However, one of my absolute favorites to use here in Michigan is the Craig's nightime. What a wonderful fly! However, seeing that we cannot get Pukeko here in the States (I will send you an email on this...) I use peacock body feather for the veil rather than the Pukeko. Works like a charm on steelhead! I also have found use for Hamill's Killer and Mrs. Simpson on both trout and smallmouth bass.

At any rate, perhaps consideration should be placed into the weight of your sinking line, perhaps it is too heavy? 

Steelie


----------



## NZflyman (Sep 27, 2006)

yes i may have to stick to a slower sink rate line inter would be the best option for me.:fish2:


----------



## NZflyman (Sep 27, 2006)

hi steelie yes i know that hole very well indeed, that's where i caught my 1st ever trout in my underwear with no socks on. got 3 fish that day 2 on my home made egg pattern and one on a salmon roe. i was so eager to land and fish that i had to come in from the water cause my leg's went numb. on a lighter note, if you ever in nz hook up on here and we can do a spota fishin around the local spot's and some of my spot's where thoes big bloody browns are. looking at the bank on the left of the pic, where there is no vegatation, right there is a hole or gutter where the fish hold out. and down the river where it flattens out is where some good rainbows hang out and you can cast say 6 feet and hook em. at night i fish further up the river now where it's as black as the inside of a cow. makes the glow bug's glow and i can see it in the water even 10 feet down lol that's how clear the water is.


----------



## steelie (Sep 20, 2000)

Good Day,

Ha ha.... I can just picture it! Desparation can drive us to extreme behaviours! 

Yep, gotta love Judges Pool. articularly when the run is on.
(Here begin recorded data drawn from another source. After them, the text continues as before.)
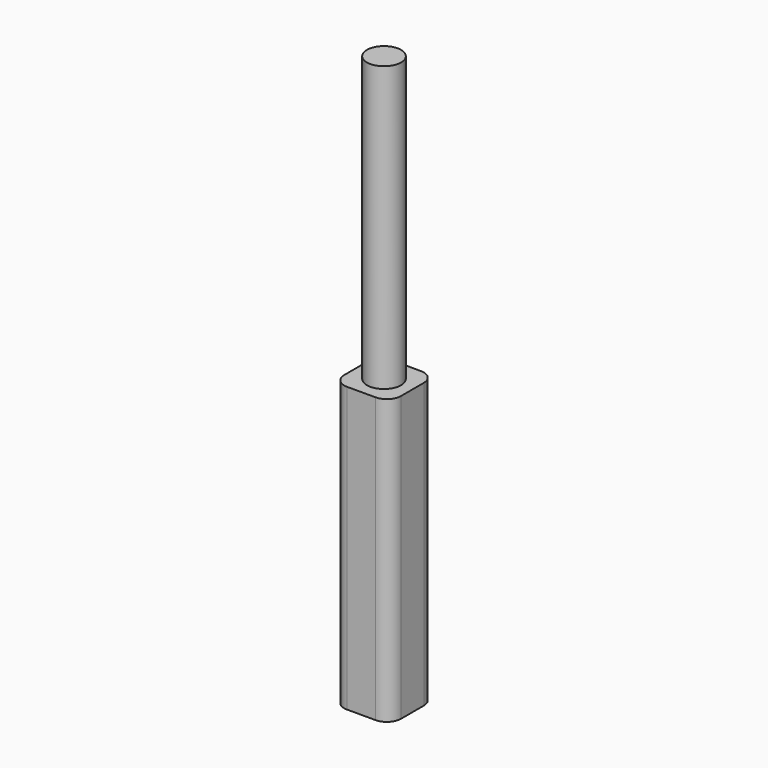
from build123d import *

# Parameters (mm, degrees)
F0_R     = 6
F1_DEPTH = 100
F3_DEPTH = 100


with BuildPart() as f1:
    # F0 (on Top) → F1 (new body)
    with BuildSketch(Plane.XY):
        Circle(F0_R)
    extrude(amount=F1_DEPTH)

    # F2 (on face) → F3 (join)
    with BuildSketch(Plane(origin=(0, 0, 0), x_dir=(1, 0, 0), z_dir=(0, 0, -1))):
        with BuildLine():
            ThreePointArc((0, -6), (-4.2426406871, -4.2426406871), (-6, 0))
            Line((-6, 0), (-10, 0))
            Line((-10, 0), (-10, -5))
            ThreePointArc((-10, -5), (-8.5355339059, -8.5355339059), (-5, -10))
            Line((-5, -10), (0, -10))
            Line((0, -10), (0, -6))
        make_face()
        with BuildLine():
            Line((-10, 0), (-6, 0))
            ThreePointArc((-6, 0), (-4.2426406871, 4.2426406871), (0, 6))
            Line((0, 6), (0, 10))
            Line((0, 10), (-5, 10))
            ThreePointArc((-5, 10), (-8.5355339059, 8.5355339059), (-10, 5))
            Line((-10, 5), (-10, 0))
        make_face()
        with BuildLine():
            ThreePointArc((0, 6), (-4.2426406871, 4.2426406871), (-6, 0))
            ThreePointArc((-6, 0), (-4.2426406871, -4.2426406871), (0, -6))
            ThreePointArc((0, -6), (4.2426406871, -4.2426406871), (6, 0))
            ThreePointArc((6, 0), (4.2426406871, 4.2426406871), (0, 6))
        make_face()
        with BuildLine():
            Line((0, 10), (0, 6))
            ThreePointArc((0, 6), (4.2426406871, 4.2426406871), (6, 0))
            Line((6, 0), (10, 0))
            Line((10, 0), (10, 5))
            ThreePointArc((10, 5), (8.5355339059, 8.5355339059), (5, 10))
            Line((5, 10), (0, 10))
        make_face()
        with BuildLine():
            ThreePointArc((6, 0), (4.2426406871, -4.2426406871), (0, -6))
            Line((0, -6), (0, -10))
            Line((0, -10), (5, -10))
            ThreePointArc((5, -10), (8.5355339059, -8.5355339059), (10, -5))
            Line((10, -5), (10, 0))
            Line((10, 0), (6, 0))
        make_face()
    extrude(amount=F3_DEPTH)


solid = f1.part
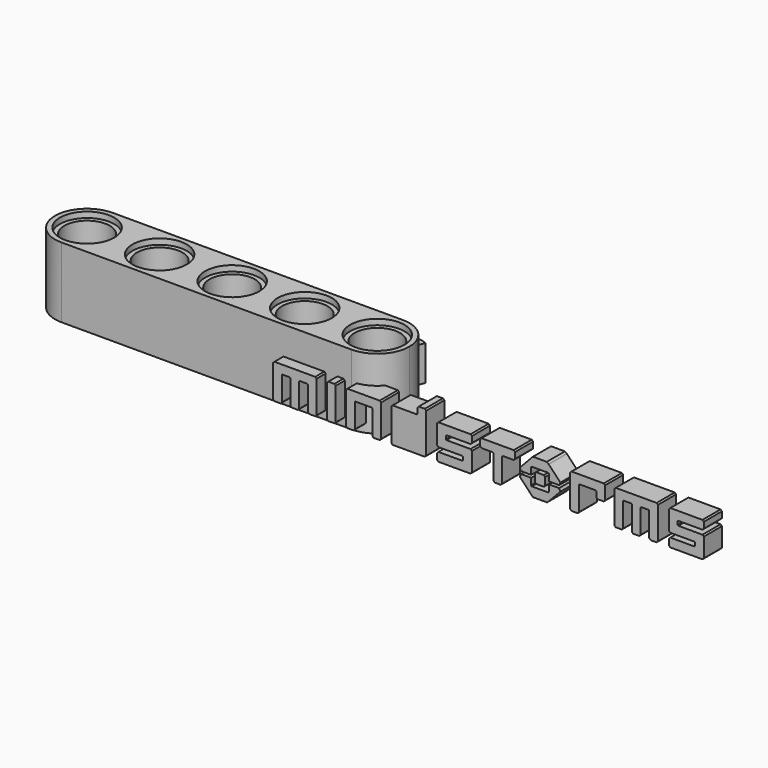
from build123d import *

# Parameters (mm, degrees)
F0_R         = 3.048
F0_R_2       = 2.54
F1_DEPTH     = 3.937
F2_R         = 3.0417071759
F3_DEPTH     = 0.635
F4_R         = 3.048
F5_DEPTH     = 0.635
F6_TEXT_SIZE = 7.5637000716
F7_DEPTH     = 3.937
F8_SIZE2     = 0.50799
F8_SIZE      = 0.50799
F9_SIZE2     = 0.50799
F9_SIZE      = 0.50799
F11_DEPTH    = 1.27
F12_SCALE    = 2


# Not quite as in the source:
# - a fillet or chamfer is up to 0.001 mm smaller than in the source, because OpenCascade refuses the exact size
# - Text() gives the source's letters only with a copy of the font that has no kerning and outlines rounded to 1/6400 em; it was checked with that copy


with BuildPart() as f1:
    # F0 (on Top) → F1 (new body, symmetric)
    with BuildSketch(Plane.XY):
        with BuildLine():
            ThreePointArc((-40.9946195992, 14.3710068385), (-42.0464330806, 16.9103092103), (-44.5857354524, 17.9621226917))
            ThreePointArc((-44.5857354524, 17.9621226917), (-48.1768513056, 14.3710068385), (-44.5857354524, 10.7798909853))
            ThreePointArc((-44.5857354524, 10.7798909853), (-42.0464330806, 11.8317044667), (-40.9946195992, 14.3710068385))
        make_face()
        with Locations((-44.5857354524, 14.3710068385)):
            Circle(F0_R, mode=Mode.SUBTRACT)
        with BuildLine():
            ThreePointArc((-49.1226195992, 14.3710068385), (-50.1744330806, 16.9103092103), (-52.7137354524, 17.9621226917))
            ThreePointArc((-52.7137354524, 17.9621226917), (-56.3048513056, 14.3710068385), (-52.7137354524, 10.7798909853))
            ThreePointArc((-52.7137354524, 10.7798909853), (-50.1744330806, 11.8317044667), (-49.1226195992, 14.3710068385))
        make_face()
        with Locations((-52.7137354524, 14.3710068385)):
            Circle(F0_R, mode=Mode.SUBTRACT)
        with BuildLine():
            ThreePointArc((-32.8666195992, 14.3710068385), (-33.9184330806, 16.9103092103), (-36.4577354524, 17.9621226917))
            ThreePointArc((-36.4577354524, 17.9621226917), (-40.0488513056, 14.3710068385), (-36.4577354524, 10.7798909853))
            ThreePointArc((-36.4577354524, 10.7798909853), (-33.9184330806, 11.8317044667), (-32.8666195992, 14.3710068385))
        make_face()
        with Locations((-36.4577354524, 14.3710068385)):
            Circle(F0_R, mode=Mode.SUBTRACT)
        with BuildLine():
            ThreePointArc((-24.7386195992, 14.3710068385), (-25.7904330806, 16.9103092103), (-28.3297354524, 17.9621226917))
            ThreePointArc((-28.3297354524, 17.9621226917), (-31.9208513056, 14.3710068385), (-28.3297354524, 10.7798909853))
            ThreePointArc((-28.3297354524, 10.7798909853), (-25.7904330806, 11.8317044667), (-24.7386195992, 14.3710068385))
        make_face()
        with Locations((-28.3297354524, 14.3710068385)):
            Circle(F0_R, mode=Mode.SUBTRACT)
        with BuildLine():
            ThreePointArc((-60.8417354524, 10.7798909853), (-58.3024330806, 11.8317044667), (-57.2506195992, 14.3710068385))
            ThreePointArc((-57.2506195992, 14.3710068385), (-58.3024330806, 16.9103092103), (-60.8417354524, 17.9621226917))
            ThreePointArc((-60.8417354524, 17.9621226917), (-64.4328513056, 14.3710068385), (-60.8417354524, 10.7798909853))
        make_face()
        with Locations((-60.8417354524, 14.3710068385)):
            Circle(F0_R, mode=Mode.SUBTRACT)
        with Locations((-44.5857354524, 14.3710068385)):
            Circle(F0_R)
        with Locations((-44.5857354524, 14.3710068385)):
            Circle(F0_R_2, mode=Mode.SUBTRACT)
        with Locations((-36.4577354524, 14.3710068385)):
            Circle(F0_R)
        with Locations((-36.4577354524, 14.3710068385)):
            Circle(F0_R_2, mode=Mode.SUBTRACT)
        with Locations((-52.7137354524, 14.3710068385)):
            Circle(F0_R)
        with Locations((-52.7137354524, 14.3710068385)):
            Circle(F0_R_2, mode=Mode.SUBTRACT)
        with Locations((-28.3297354524, 14.3710068385)):
            Circle(F0_R)
        with Locations((-28.3297354524, 14.3710068385)):
            Circle(F0_R_2, mode=Mode.SUBTRACT)
        with Locations((-60.8417354524, 14.3710068385)):
            Circle(F0_R)
        with Locations((-60.8417354524, 14.3710068385)):
            Circle(F0_R_2, mode=Mode.SUBTRACT)
        with BuildLine():
            ThreePointArc((-60.8417354524, 17.9621226917), (-58.3024330806, 16.9103092103), (-57.2506195992, 14.3710068385))
            ThreePointArc((-57.2506195992, 14.3710068385), (-58.3024330806, 11.8317044667), (-60.8417354524, 10.7798909853))
            Line((-60.8417354524, 10.7798909853), (-52.7137354524, 10.7798909853))
            ThreePointArc((-52.7137354524, 10.7798909853), (-56.3048513056, 14.3710068385), (-52.7137354524, 17.9621226917))
            Line((-52.7137354524, 17.9621226917), (-60.8417354524, 17.9621226917))
        make_face()
        with BuildLine():
            Line((-44.5857354524, 17.9621226917), (-52.7137354524, 17.9621226917))
            ThreePointArc((-52.7137354524, 17.9621226917), (-50.1744330806, 16.9103092103), (-49.1226195992, 14.3710068385))
            ThreePointArc((-49.1226195992, 14.3710068385), (-50.1744330806, 11.8317044667), (-52.7137354524, 10.7798909853))
            Line((-52.7137354524, 10.7798909853), (-44.5857354524, 10.7798909853))
            ThreePointArc((-44.5857354524, 10.7798909853), (-48.1768513056, 14.3710068385), (-44.5857354524, 17.9621226917))
        make_face()
        with BuildLine():
            Line((-28.3297354524, 17.9621226917), (-36.4577354524, 17.9621226917))
            ThreePointArc((-36.4577354524, 17.9621226917), (-33.9184330806, 16.9103092103), (-32.8666195992, 14.3710068385))
            ThreePointArc((-32.8666195992, 14.3710068385), (-33.9184330806, 11.8317044667), (-36.4577354524, 10.7798909853))
            Line((-36.4577354524, 10.7798909853), (-28.3297354524, 10.7798909853))
            ThreePointArc((-28.3297354524, 10.7798909853), (-31.9208513056, 14.3710068385), (-28.3297354524, 17.9621226917))
        make_face()
        with BuildLine():
            Line((-36.4577354524, 17.9621226917), (-44.5857354524, 17.9621226917))
            ThreePointArc((-44.5857354524, 17.9621226917), (-42.0464330806, 16.9103092103), (-40.9946195992, 14.3710068385))
            ThreePointArc((-40.9946195992, 14.3710068385), (-42.0464330806, 11.8317044667), (-44.5857354524, 10.7798909853))
            Line((-44.5857354524, 10.7798909853), (-36.4577354524, 10.7798909853))
            ThreePointArc((-36.4577354524, 10.7798909853), (-40.0488513056, 14.3710068385), (-36.4577354524, 17.9621226917))
        make_face()
    extrude(amount=F1_DEPTH, both=True)

    # F2 (on face) → F3 (cut)
    with BuildSketch(Plane.XY.offset(3.937)):
        with Locations((-28.3297354524, 14.3710068385)):
            Circle(F2_R)
        with Locations((-36.4577354524, 14.3710068385)):
            Circle(F2_R)
        with Locations((-44.5857354524, 14.3710068385)):
            Circle(F2_R)
        with Locations((-52.7137354524, 14.3710068385)):
            Circle(F2_R)
        with Locations((-60.8417354524, 14.3710068385)):
            Circle(F2_R)
    extrude(amount=-F3_DEPTH, mode=Mode.SUBTRACT)

    # F4 (on face) → F5 (cut)
    with BuildSketch(Plane(origin=(0, 0, -3.937), x_dir=(1, 0, 0), z_dir=(0, 0, -1))):
        with Locations((-60.8417354524, -14.3710068385)):
            Circle(F4_R)
        with Locations((-52.7137354524, -14.3710068385)):
            Circle(F4_R)
        with Locations((-44.5857354524, -14.3710068385)):
            Circle(F4_R)
        with Locations((-36.4577354524, -14.3710068385)):
            Circle(F4_R)
        with Locations((-28.3297354524, -14.3710068385)):
            Circle(F4_R)
    extrude(amount=-F5_DEPTH, mode=Mode.SUBTRACT)

    # F6 (on Top) → F7 (join)
    with BuildSketch(Plane.XY):
        with Locations((-60.9262157232, 17.7584644407)):
            Text('bazmarc', F6_TEXT_SIZE, font='Open Sans', font_style=FontStyle.BOLD, text_align=(TextAlign.LEFT, TextAlign.BOTTOM))
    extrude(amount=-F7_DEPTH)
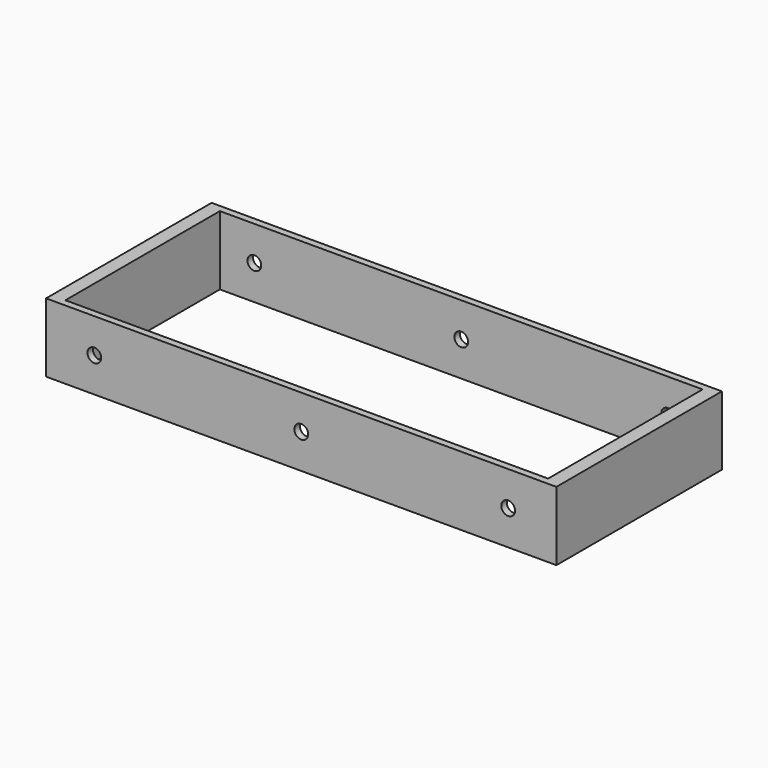
from build123d import *

# Parameters (mm, degrees)
F0_W     = 1879.6
F0_H     = 762
F1_DEPTH = 127
F2_W     = 1778
F2_H     = 711.2
F3_DEPTH = 635
F4_R     = 25.4
F5_DEPTH = 762.001


# Not quite as in the source:
# - a feature names something its author has since deleted; it is built from what else it names


with BuildPart() as f1:
    # F0 (on Top) → F1 (new body, symmetric)
    with BuildSketch(Plane.XY):
        Rectangle(F0_W, F0_H)
    extrude(amount=F1_DEPTH, both=True)

    # F2 (on face) → F3 (cut, symmetric)
    with BuildSketch(Plane.XY.offset(127)):
        Rectangle(F2_W, F2_H)
    extrude(amount=F3_DEPTH, both=True, mode=Mode.SUBTRACT)

    # F4 (on face) → F5 (cut, through all)
    with BuildSketch(Plane.XZ.offset(381)):
        with Locations((-762, 0)):
            Circle(F4_R)
        with Locations((762, 0)):
            Circle(F4_R)
        Circle(F4_R)
    extrude(amount=-F5_DEPTH, mode=Mode.SUBTRACT)


solid = f1.part
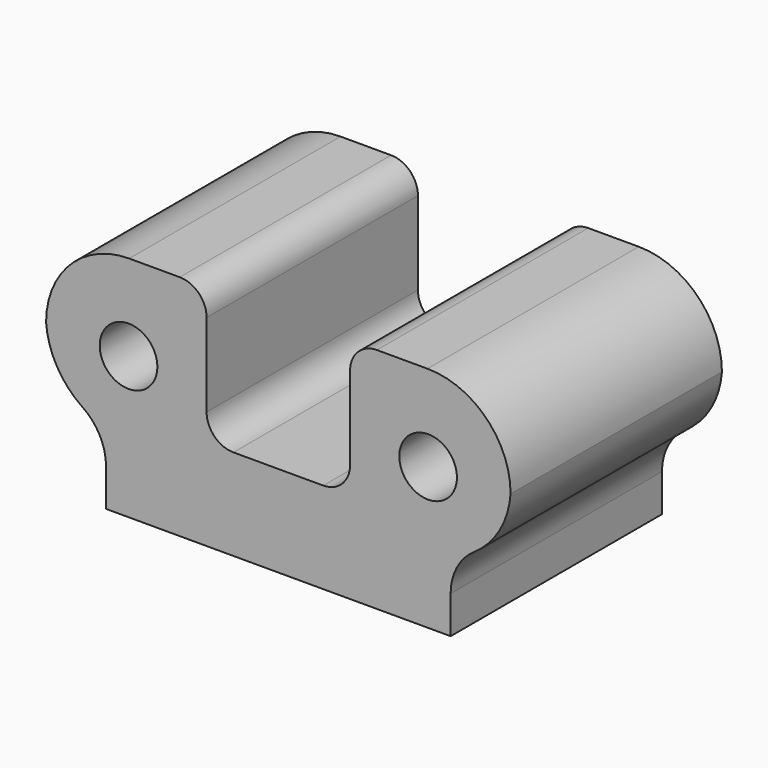
from build123d import *

# Parameters (mm, degrees)
F0_R        = 2.7305
F1_DEPTH    = 25.019
F2_R        = 2.54
F3_R        = 7.874
F4_R        = 5.08
F5_T1_DEPTH = 50.419


# Not quite as in the source:
# - a fillet or chamfer that OpenCascade refuses, or shapes differently, is made with other operations: its cross-section is extruded or revolved along the edge and cut away or added


with BuildPart() as f1:
    # F0 (on Front) → F1 (new body)
    with BuildSketch(Plane.XZ):
        Polygon((-6.7945, 10.795), (-21.9964, 10.795), (-21.9964, -2.159), (-16.3195, -2.159), (-16.3195, -10.795), (0, -10.795), (16.3195, -10.795), (16.3195, -2.159), (21.9964, -2.159), (21.9964, 10.795), (6.7945, 10.795), (6.7945, -2.159), (0, -2.159), (-6.7945, -2.159), align=None)
        with Locations((-14.1859, 2.6289)):
            Circle(F0_R, mode=Mode.SUBTRACT)
        with Locations((14.1859, 2.6289)):
            Circle(F0_R, mode=Mode.SUBTRACT)
    extrude(amount=F1_DEPTH)

    # F2
    f2_edges = [f1.edges().sort_by_distance(p)[0] for p in [
        (-6.7945, -12.5095, 10.795),
        (-6.7945, -12.5095, -2.159),
        (6.7945, -12.5095, -2.159),
        (6.7945, -12.5095, 10.795),
    ]]
    fillet(f2_edges, radius=F2_R)

    # F3
    f3_edges = [f1.edges().sort_by_distance(p)[0] for p in [
        (-21.9964, -12.5095, 10.795),
        (21.9964, -12.5095, 10.795),
    ]]
    fillet(f3_edges, radius=F3_R)

    # F4
    f4_edges = [f1.edges().sort_by_distance(p)[0] for p in [
        (-16.3195, -12.5095, -2.159),
        (16.3195, -12.5095, -2.159),
    ]]
    fillet(f4_edges, radius=F4_R)

    # F5: fillet of radius 7.874 on 2 edges, made by hand

    # F5_s2 → F5_t1 (cut)
    with BuildSketch(Plane.XZ.offset(-12.7)):
        with BuildLine():
            ThreePointArc((-18.5538606902, -3.0308249896), (-20.9591016403, -0.4505219212), (-21.9964, 2.921))
            Line((-21.9964, 2.921), (-22.781728024, 2.8639153723))
            ThreePointArc((-22.781728024, 2.8639153723), (-22.7838, 0.381), (-22.7838, -2.159))
            Line((-22.7838, -2.159), (-21.9964, -2.9464))
            ThreePointArc((-21.9964, -2.9464), (-21.3995, -2.9464), (-18.9949347832, -3.6830921162))
            Line((-18.9949347832, -3.6830921162), (-18.5538606902, -3.0308249896))
        make_face()
        with BuildLine():
            ThreePointArc((18.5538606902, -3.0308249896), (20.9591016403, -0.4505219212), (21.9964, 2.921))
            Line((21.9964, 2.921), (22.781728024, 2.8639153723))
            ThreePointArc((22.781728024, 2.8639153723), (22.7838, 0.381), (22.7838, -2.159))
            Line((22.7838, -2.159), (21.9964, -2.9464))
            ThreePointArc((21.9964, -2.9464), (21.3995, -2.9464), (18.9949347832, -3.6830921162))
            Line((18.9949347832, -3.6830921162), (18.5538606902, -3.0308249896))
        make_face()
    extrude(amount=F5_T1_DEPTH, mode=Mode.SUBTRACT)


solid = f1.part

I would gladly take you up on your kind offer next time I am on that side of the equator! Fish a bit, share a few stienlager or black max...? 

Steelie


----------



## NZflyman (Sep 27, 2006)

lol yes i have fished the judges pool nice pool to if you can get in. i dont drink stinelarger horrid beer. i'm more of a bourbon man myself. so any drink's with a fellow fly fisher is glady taken up. i'll even show ya how to fish at 10pm on a pitch black night for some big brown's to 10 pound and some go above that mark always. best of all you can watch them swim towards you lol so cool this spot i have. one brown i got i just droped the fly in front of it's nose and it inhaled it. and i dident even have to take any line out  now that's cool aye


----------



## gunrod (Jan 16, 2001)

Hey, you two get a room..... 

Just kidding. I actually got a bit of a thrill of you two posting of your NZ experiences. It's on my list of places to fish but probably still 10 years away. The wife insists that I take her to Hawaii before I leave the country for fish. 

Does Hawaii have trout??


----------



## steelie (Sep 20, 2000)

Good Day,

I seem to remember the first day I fished the Judges was few years back around Easter on a weekday. When we got there we were the only ones at about 8:30 am. Saw two other anglers later however. But that pool is large enough to handle a couple of folks I suppose. Even today I looked at the web cam there and saw five people there. (Sat Sept 30 5:19 pm local time). 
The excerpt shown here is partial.